Cuando era mi turno el peluquero ponía la sillita de frente al espejo, en el centro del salón con todos los espectadores de lujo que iban a disfrutar mi cortecito detrás de mí.
Mi viejo me subía a la silla tomándome por debajo de los brazos y me dejaba ahí sentado mientras Don Domingo me envolvía por completo con esa inmensa tela blanca de algodón que casi llegaba al piso. Por supuesto toda esta escena se completaba conmigo llorando como un marrano.
El peluquero iba hasta el mueble y guardaba peine y tijera en el bolsillito superior de su delantal y tomaba la maquinita del cero para iniciar el rapado ante la mirada complaciente de mi viejo desde una silla de espera.
Siempre llegaba a la peluquería con el pelo bastante crecido. Domingo me apoyaba su mano izquierda en la cima de la cabeza y me la bajaba hasta que mi vista sólo podía ver el blanco de la tela.
Me dejaba la nuca casi en posición horizontal para hacer correr la cero hasta la coronilla.
Pasaba la maquinita casi con vehemencia metiéndole presión contra mi cuero cabelludo.
Por momentos se enroscaba en alguna conversación y dejaba de pelarme pero sin liberar mi cabeza. Cuando volvía seguía con la esquila. Yo veía la tela cubierta de pelo arrancado de raíz y más lloraba.
Con la nuca ya rapada al ras me inclinaba la cabeza hacia un costado y me pelaba la patilla hasta la sien y destapaba la oreja haciendo un gran arco sobre ella.
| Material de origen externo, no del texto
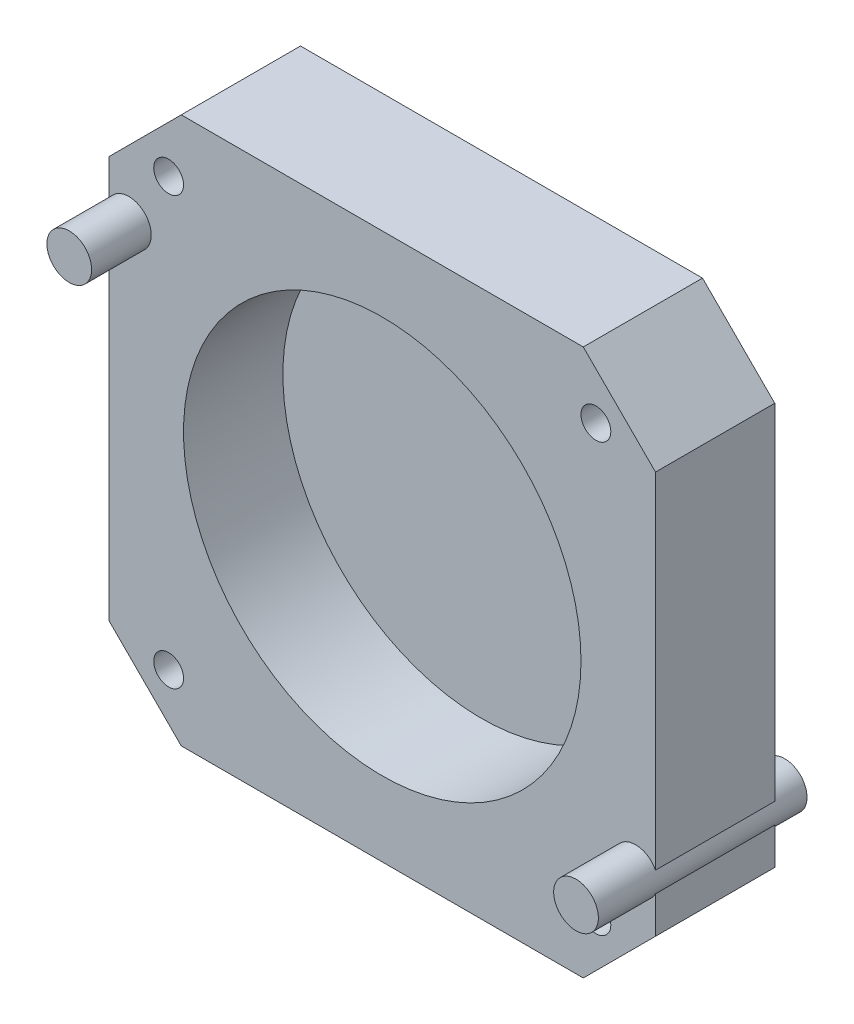
ISO-10303-21;
HEADER;
FILE_DESCRIPTION(('STEP AP214'),'2;1');
FILE_NAME('part.step','',(''),(''),'','','');
FILE_SCHEMA(('AUTOMOTIVE_DESIGN { 1 0 10303 214 1 1 1 1 }'));
ENDSEC;
DATA;
#1=APPLICATION_CONTEXT('core data for automotive mechanical design processes');
#2=APPLICATION_PROTOCOL_DEFINITION('international standard','automotive_design',2000,#1);
#3=PRODUCT_CONTEXT('',#1,'mechanical');
#4=PRODUCT('Part','Part','',(#3));
#5=PRODUCT_RELATED_PRODUCT_CATEGORY('part','',(#4));
#6=PRODUCT_DEFINITION_FORMATION('','',#4);
#7=PRODUCT_DEFINITION_CONTEXT('part definition',#1,'design');
#8=PRODUCT_DEFINITION('design','',#6,#7);
#9=PRODUCT_DEFINITION_SHAPE('','',#8);
#10=(LENGTH_UNIT() NAMED_UNIT(*) SI_UNIT(.MILLI.,.METRE.));
#11=(NAMED_UNIT(*) PLANE_ANGLE_UNIT() SI_UNIT($,.RADIAN.));
#12=(NAMED_UNIT(*) SI_UNIT($,.STERADIAN.) SOLID_ANGLE_UNIT());
#13=UNCERTAINTY_MEASURE_WITH_UNIT(LENGTH_MEASURE(1.E-05),#10,'distance_accuracy_value','');
#14=(GEOMETRIC_REPRESENTATION_CONTEXT(3) GLOBAL_UNCERTAINTY_ASSIGNED_CONTEXT((#13)) GLOBAL_UNIT_ASSIGNED_CONTEXT((#10,
#11,#12)) REPRESENTATION_CONTEXT('',''));
#15=CARTESIAN_POINT('',(0.,0.,0.));
#16=DIRECTION('',(0.,0.,1.));
#17=DIRECTION('',(1.,0.,0.));
#18=AXIS2_PLACEMENT_3D('',#15,#16,#17);
#19=CARTESIAN_POINT('',(0.,0.,0.));
#20=DIRECTION('',(0.,0.,1.));
#21=DIRECTION('',(1.,0.,0.));
#22=AXIS2_PLACEMENT_3D('',#19,#20,#21);
#23=PLANE('',#22);
#24=CARTESIAN_POINT('',(-21.5,21.5,0.));
#25=DIRECTION('',(0.,0.,1.));
#26=DIRECTION('',(1.,0.,0.));
#27=AXIS2_PLACEMENT_3D('',#24,#25,#26);
#28=CIRCLE('',#27,1.5);
#29=CARTESIAN_POINT('',(-20.,21.5,0.));
#30=VERTEX_POINT('',#29);
#31=EDGE_CURVE('E360',#30,#30,#28,.F.);
#32=ORIENTED_EDGE('',*,*,#31,.F.);
#33=EDGE_LOOP('',(#32));
#34=FACE_BOUND('',#33,.T.);
#35=CARTESIAN_POINT('',(-21.5,-21.5,0.));
#36=DIRECTION('',(0.,0.,1.));
#37=DIRECTION('',(1.,0.,0.));
#38=AXIS2_PLACEMENT_3D('',#35,#36,#37);
#39=CIRCLE('',#38,1.5);
#40=CARTESIAN_POINT('',(-20.,-21.5,0.));
#41=VERTEX_POINT('',#40);
#42=EDGE_CURVE('E374',#41,#41,#39,.F.);
#43=ORIENTED_EDGE('',*,*,#42,.F.);
#44=EDGE_LOOP('',(#43));
#45=FACE_BOUND('',#44,.T.);
#46=CARTESIAN_POINT('',(21.5,-21.5,0.));
#47=DIRECTION('',(0.,0.,1.));
#48=DIRECTION('',(1.,0.,0.));
#49=AXIS2_PLACEMENT_3D('',#46,#47,#48);
#50=CIRCLE('',#49,1.5);
#51=CARTESIAN_POINT('',(23.,-21.5,0.));
#52=VERTEX_POINT('',#51);
#53=EDGE_CURVE('E364',#52,#52,#50,.F.);
#54=ORIENTED_EDGE('',*,*,#53,.F.);
#55=EDGE_LOOP('',(#54));
#56=FACE_BOUND('',#55,.T.);
#57=CARTESIAN_POINT('',(21.5,21.5,0.));
#58=DIRECTION('',(0.,0.,1.));
#59=DIRECTION('',(1.,0.,0.));
#60=AXIS2_PLACEMENT_3D('',#57,#58,#59);
#61=CIRCLE('',#60,1.5);
#62=CARTESIAN_POINT('',(23.,21.5,0.));
#63=VERTEX_POINT('',#62);
#64=EDGE_CURVE('E391',#63,#63,#61,.F.);
#65=ORIENTED_EDGE('',*,*,#64,.F.);
#66=EDGE_LOOP('',(#65));
#67=FACE_BOUND('',#66,.T.);
#68=DIRECTION('',(0.,1.,0.));
#69=VECTOR('',#68,1.);
#70=CARTESIAN_POINT('',(27.5,27.5,0.));
#71=LINE('',#70,#69);
#72=CARTESIAN_POINT('',(27.5,-14.4692235935959,0.));
#73=VERTEX_POINT('',#72);
#74=CARTESIAN_POINT('',(27.5,20.2297077300919,0.));
#75=VERTEX_POINT('',#74);
#76=EDGE_CURVE('E395',#73,#75,#71,.T.);
#77=ORIENTED_EDGE('',*,*,#76,.F.);
#78=CARTESIAN_POINT('',(25.4999999999999,-15.5000000000002,0.));
#79=DIRECTION('',(0.,0.,1.));
#80=DIRECTION('',(1.,0.,0.));
#81=AXIS2_PLACEMENT_3D('',#78,#79,#80);
#82=CIRCLE('',#81,2.25);
#83=CARTESIAN_POINT('',(27.5,-16.5307764064045,0.));
#84=VERTEX_POINT('',#83);
#85=EDGE_CURVE('E234',#73,#84,#82,.T.);
#86=ORIENTED_EDGE('',*,*,#85,.T.);
#87=CARTESIAN_POINT('',(27.5,-20.2297077300919,0.));
#88=VERTEX_POINT('',#87);
#89=EDGE_CURVE('E415',#88,#84,#71,.T.);
#90=ORIENTED_EDGE('',*,*,#89,.F.);
#91=DIRECTION('',(0.707106781186547,0.707106781186548,0.));
#92=VECTOR('',#91,1.);
#93=CARTESIAN_POINT('',(20.229707730092,-27.5,0.));
#94=LINE('',#93,#92);
#95=CARTESIAN_POINT('',(20.229707730092,-27.5,0.));
#96=VERTEX_POINT('',#95);
#97=EDGE_CURVE('E306',#96,#88,#94,.T.);
#98=ORIENTED_EDGE('',*,*,#97,.F.);
#99=DIRECTION('',(1.,0.,0.));
#100=VECTOR('',#99,1.);
#101=CARTESIAN_POINT('',(-27.5,-27.5,0.));
#102=LINE('',#101,#100);
#103=CARTESIAN_POINT('',(-20.2297077300919,-27.5,0.));
#104=VERTEX_POINT('',#103);
#105=EDGE_CURVE('E428',#104,#96,#102,.T.);
#106=ORIENTED_EDGE('',*,*,#105,.F.);
#107=DIRECTION('',(0.707106781186548,-0.707106781186548,0.));
#108=VECTOR('',#107,1.);
#109=CARTESIAN_POINT('',(-27.5,-20.2297077300919,0.));
#110=LINE('',#109,#108);
#111=CARTESIAN_POINT('',(-27.5,-20.2297077300919,0.));
#112=VERTEX_POINT('',#111);
#113=EDGE_CURVE('E326',#112,#104,#110,.T.);
#114=ORIENTED_EDGE('',*,*,#113,.F.);
#115=DIRECTION('',(0.,-1.,0.));
#116=VECTOR('',#115,1.);
#117=CARTESIAN_POINT('',(-27.5,27.5,0.));
#118=LINE('',#117,#116);
#119=CARTESIAN_POINT('',(-27.5,14.4692235935956,0.));
#120=VERTEX_POINT('',#119);
#121=EDGE_CURVE('E423',#120,#112,#118,.T.);
#122=ORIENTED_EDGE('',*,*,#121,.F.);
#123=CARTESIAN_POINT('',(-25.5,15.5,0.));
#124=DIRECTION('',(0.,0.,1.));
#125=DIRECTION('',(1.,0.,0.));
#126=AXIS2_PLACEMENT_3D('',#123,#124,#125);
#127=CIRCLE('',#126,2.25);
#128=CARTESIAN_POINT('',(-27.5,16.5307764064044,0.));
#129=VERTEX_POINT('',#128);
#130=EDGE_CURVE('E414',#120,#129,#127,.T.);
#131=ORIENTED_EDGE('',*,*,#130,.T.);
#132=CARTESIAN_POINT('',(-27.5,20.2297077300919,0.));
#133=VERTEX_POINT('',#132);
#134=EDGE_CURVE('E424',#133,#129,#118,.T.);
#135=ORIENTED_EDGE('',*,*,#134,.F.);
#136=DIRECTION('',(-0.707106781186547,-0.707106781186548,0.));
#137=VECTOR('',#136,1.);
#138=CARTESIAN_POINT('',(-27.5,20.2297077300919,0.));
#139=LINE('',#138,#137);
#140=CARTESIAN_POINT('',(-20.229707730092,27.5,0.));
#141=VERTEX_POINT('',#140);
#142=EDGE_CURVE('E317',#141,#133,#139,.T.);
#143=ORIENTED_EDGE('',*,*,#142,.F.);
#144=DIRECTION('',(-1.,0.,0.));
#145=VECTOR('',#144,1.);
#146=CARTESIAN_POINT('',(-27.5,27.5,0.));
#147=LINE('',#146,#145);
#148=CARTESIAN_POINT('',(20.2297077300919,27.5,0.));
#149=VERTEX_POINT('',#148);
#150=EDGE_CURVE('E419',#149,#141,#147,.T.);
#151=ORIENTED_EDGE('',*,*,#150,.F.);
#152=DIRECTION('',(-0.707106781186548,0.707106781186548,0.));
#153=VECTOR('',#152,1.);
#154=CARTESIAN_POINT('',(20.2297077300919,27.5,0.));
#155=LINE('',#154,#153);
#156=EDGE_CURVE('E302',#75,#149,#155,.T.);
#157=ORIENTED_EDGE('',*,*,#156,.F.);
#158=EDGE_LOOP('',(#77,#86,#90,#98,#106,#114,#122,#131,#135,#143,#151,#157));
#159=FACE_BOUND('',#158,.T.);
#160=DIRECTION('',(0.,1.,0.));
#161=VECTOR('',#160,1.);
#162=CARTESIAN_POINT('',(-15.,15.,0.));
#163=LINE('',#162,#161);
#164=CARTESIAN_POINT('',(-15.,-15.,0.));
#165=VERTEX_POINT('',#164);
#166=CARTESIAN_POINT('',(-15.,15.,0.));
#167=VERTEX_POINT('',#166);
#168=EDGE_CURVE('E206',#165,#167,#163,.T.);
#169=ORIENTED_EDGE('',*,*,#168,.F.);
#170=DIRECTION('',(-1.,0.,0.));
#171=VECTOR('',#170,1.);
#172=CARTESIAN_POINT('',(15.,-15.,0.));
#173=LINE('',#172,#171);
#174=CARTESIAN_POINT('',(15.,-15.,0.));
#175=VERTEX_POINT('',#174);
#176=EDGE_CURVE('E203',#175,#165,#173,.T.);
#177=ORIENTED_EDGE('',*,*,#176,.F.);
#178=DIRECTION('',(0.,-1.,0.));
#179=VECTOR('',#178,1.);
#180=CARTESIAN_POINT('',(15.,15.,0.));
#181=LINE('',#180,#179);
#182=CARTESIAN_POINT('',(15.,15.,0.));
#183=VERTEX_POINT('',#182);
#184=EDGE_CURVE('E66',#183,#175,#181,.T.);
#185=ORIENTED_EDGE('',*,*,#184,.F.);
#186=DIRECTION('',(1.,0.,0.));
#187=VECTOR('',#186,1.);
#188=CARTESIAN_POINT('',(15.,15.,0.));
#189=LINE('',#188,#187);
#190=EDGE_CURVE('E61',#167,#183,#189,.T.);
#191=ORIENTED_EDGE('',*,*,#190,.F.);
#192=EDGE_LOOP('',(#169,#177,#185,#191));
#193=FACE_BOUND('',#192,.T.);
#194=ADVANCED_FACE('F45',(#34,#45,#56,#67,#159,#193),#23,.F.);
#195=CARTESIAN_POINT('',(27.5,27.5,12.));
#196=DIRECTION('',(-1.,0.,0.));
#197=DIRECTION('',(0.,0.,1.));
#198=AXIS2_PLACEMENT_3D('',#195,#196,#197);
#199=PLANE('',#198);
#200=ORIENTED_EDGE('',*,*,#89,.T.);
#201=DIRECTION('',(0.,0.,1.));
#202=VECTOR('',#201,1.);
#203=CARTESIAN_POINT('',(27.5,-16.5307764064045,-3.));
#204=LINE('',#203,#202);
#205=CARTESIAN_POINT('',(27.5,-16.5307764064045,12.));
#206=VERTEX_POINT('',#205);
#207=EDGE_CURVE('E275',#84,#206,#204,.T.);
#208=ORIENTED_EDGE('',*,*,#207,.T.);
#209=DIRECTION('',(0.,1.,0.));
#210=VECTOR('',#209,1.);
#211=CARTESIAN_POINT('',(27.5,27.5,12.));
#212=LINE('',#211,#210);
#213=CARTESIAN_POINT('',(27.5,-20.2297077300919,12.));
#214=VERTEX_POINT('',#213);
#215=EDGE_CURVE('E396',#214,#206,#212,.T.);
#216=ORIENTED_EDGE('',*,*,#215,.F.);
#217=DIRECTION('',(0.,0.,1.));
#218=VECTOR('',#217,1.);
#219=CARTESIAN_POINT('',(27.5,-20.2297077300919,-0.000999999999999265));
#220=LINE('',#219,#218);
#221=EDGE_CURVE('E318',#88,#214,#220,.T.);
#222=ORIENTED_EDGE('',*,*,#221,.F.);
#223=EDGE_LOOP('',(#200,#208,#216,#222));
#224=FACE_BOUND('',#223,.T.);
#225=ADVANCED_FACE('F444',(#224),#199,.F.);
#226=CARTESIAN_POINT('',(-27.5,27.5,12.));
#227=DIRECTION('',(1.,0.,0.));
#228=DIRECTION('',(0.,0.,-1.));
#229=AXIS2_PLACEMENT_3D('',#226,#227,#228);
#230=PLANE('',#229);
#231=ORIENTED_EDGE('',*,*,#134,.T.);
#232=DIRECTION('',(0.,0.,1.));
#233=VECTOR('',#232,1.);
#234=CARTESIAN_POINT('',(-27.5,16.5307764064044,-3.));
#235=LINE('',#234,#233);
#236=CARTESIAN_POINT('',(-27.5,16.5307764064044,12.));
#237=VERTEX_POINT('',#236);
#238=EDGE_CURVE('E294',#129,#237,#235,.T.);
#239=ORIENTED_EDGE('',*,*,#238,.T.);
#240=DIRECTION('',(0.,-1.,0.));
#241=VECTOR('',#240,1.);
#242=CARTESIAN_POINT('',(-27.5,27.5,12.));
#243=LINE('',#242,#241);
#244=CARTESIAN_POINT('',(-27.5,20.2297077300919,12.));
#245=VERTEX_POINT('',#244);
#246=EDGE_CURVE('E406',#245,#237,#243,.T.);
#247=ORIENTED_EDGE('',*,*,#246,.F.);
#248=DIRECTION('',(0.,0.,1.));
#249=VECTOR('',#248,1.);
#250=CARTESIAN_POINT('',(-27.5,20.2297077300919,-0.000999999999999265));
#251=LINE('',#250,#249);
#252=EDGE_CURVE('E348',#133,#245,#251,.T.);
#253=ORIENTED_EDGE('',*,*,#252,.F.);
#254=EDGE_LOOP('',(#231,#239,#247,#253));
#255=FACE_BOUND('',#254,.T.);
#256=ADVANCED_FACE('F491',(#255),#230,.F.);
#257=CARTESIAN_POINT('',(27.5,-14.4692235935959,12.));
#258=VERTEX_POINT('',#257);
#259=CARTESIAN_POINT('',(27.5,20.2297077300919,12.));
#260=VERTEX_POINT('',#259);
#261=EDGE_CURVE('E401',#258,#260,#212,.T.);
#262=ORIENTED_EDGE('',*,*,#261,.F.);
#263=DIRECTION('',(0.,0.,1.));
#264=VECTOR('',#263,1.);
#265=CARTESIAN_POINT('',(27.5,-14.4692235935959,-3.));
#266=LINE('',#265,#264);
#267=EDGE_CURVE('E271',#258,#73,#266,.F.);
#268=ORIENTED_EDGE('',*,*,#267,.T.);
#269=ORIENTED_EDGE('',*,*,#76,.T.);
#270=DIRECTION('',(0.,0.,1.));
#271=VECTOR('',#270,1.);
#272=CARTESIAN_POINT('',(27.5,20.2297077300919,-0.000999999999999265));
#273=LINE('',#272,#271);
#274=EDGE_CURVE('E305',#75,#260,#273,.T.);
#275=ORIENTED_EDGE('',*,*,#274,.T.);
#276=EDGE_LOOP('',(#262,#268,#269,#275));
#277=FACE_BOUND('',#276,.T.);
#278=ADVANCED_FACE('F47',(#277),#199,.F.);
#279=CARTESIAN_POINT('',(-27.5,27.5,12.));
#280=DIRECTION('',(0.,-1.,0.));
#281=DIRECTION('',(0.,0.,-1.));
#282=AXIS2_PLACEMENT_3D('',#279,#280,#281);
#283=PLANE('',#282);
#284=DIRECTION('',(-1.,0.,0.));
#285=VECTOR('',#284,1.);
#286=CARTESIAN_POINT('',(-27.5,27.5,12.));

Daba vueltas alrededor de la silla y me rapaba por igual el otro costado.
Al liberar mi cabeza veía en el espejo mis costados en blanco.
Con el peine y la tijera me cortaba muy cortito el pelo de arriba borrando la marca de la cero.
Me entalcaba la nuca y los laterales y me pasaba un cepillo de madera con cerdas blancas para eliminar los molestos pelitos sueltos que quedaban.
Con una navaja barbera me emprolijaba el contorno del corte y me peinaba lo que había quedado de pelo arriba con un poco de gomina que desparramaba con la yema de sus dedos sin dejar de pasarme la mano, a contrapelo, por la nuca pelada.
Quitaba la tela, sacudiéndola con fuerza y me hacía bajar de la silla de un salto.
Abajo me esperaba mi viejo para inspeccionar el corte.
Así fue hasta mis 13 años, pero el último tiempo ya zafaba de la humillante sillita y me ponía un suplemento en el gran sillón, pero el corte no variaba.
Ya empezaba la época en que los jóvenes se dejaban crecer el pelo, pero eso no iba con mi viejo.
Cuando Domingo cerró mi próximo destino fue la peluquería de Quiroga donde recibía también rapados brutales hasta mis 16 años , cuando empecé a librarme de esas esquiladas pero siempre manteniendo el pelo corto.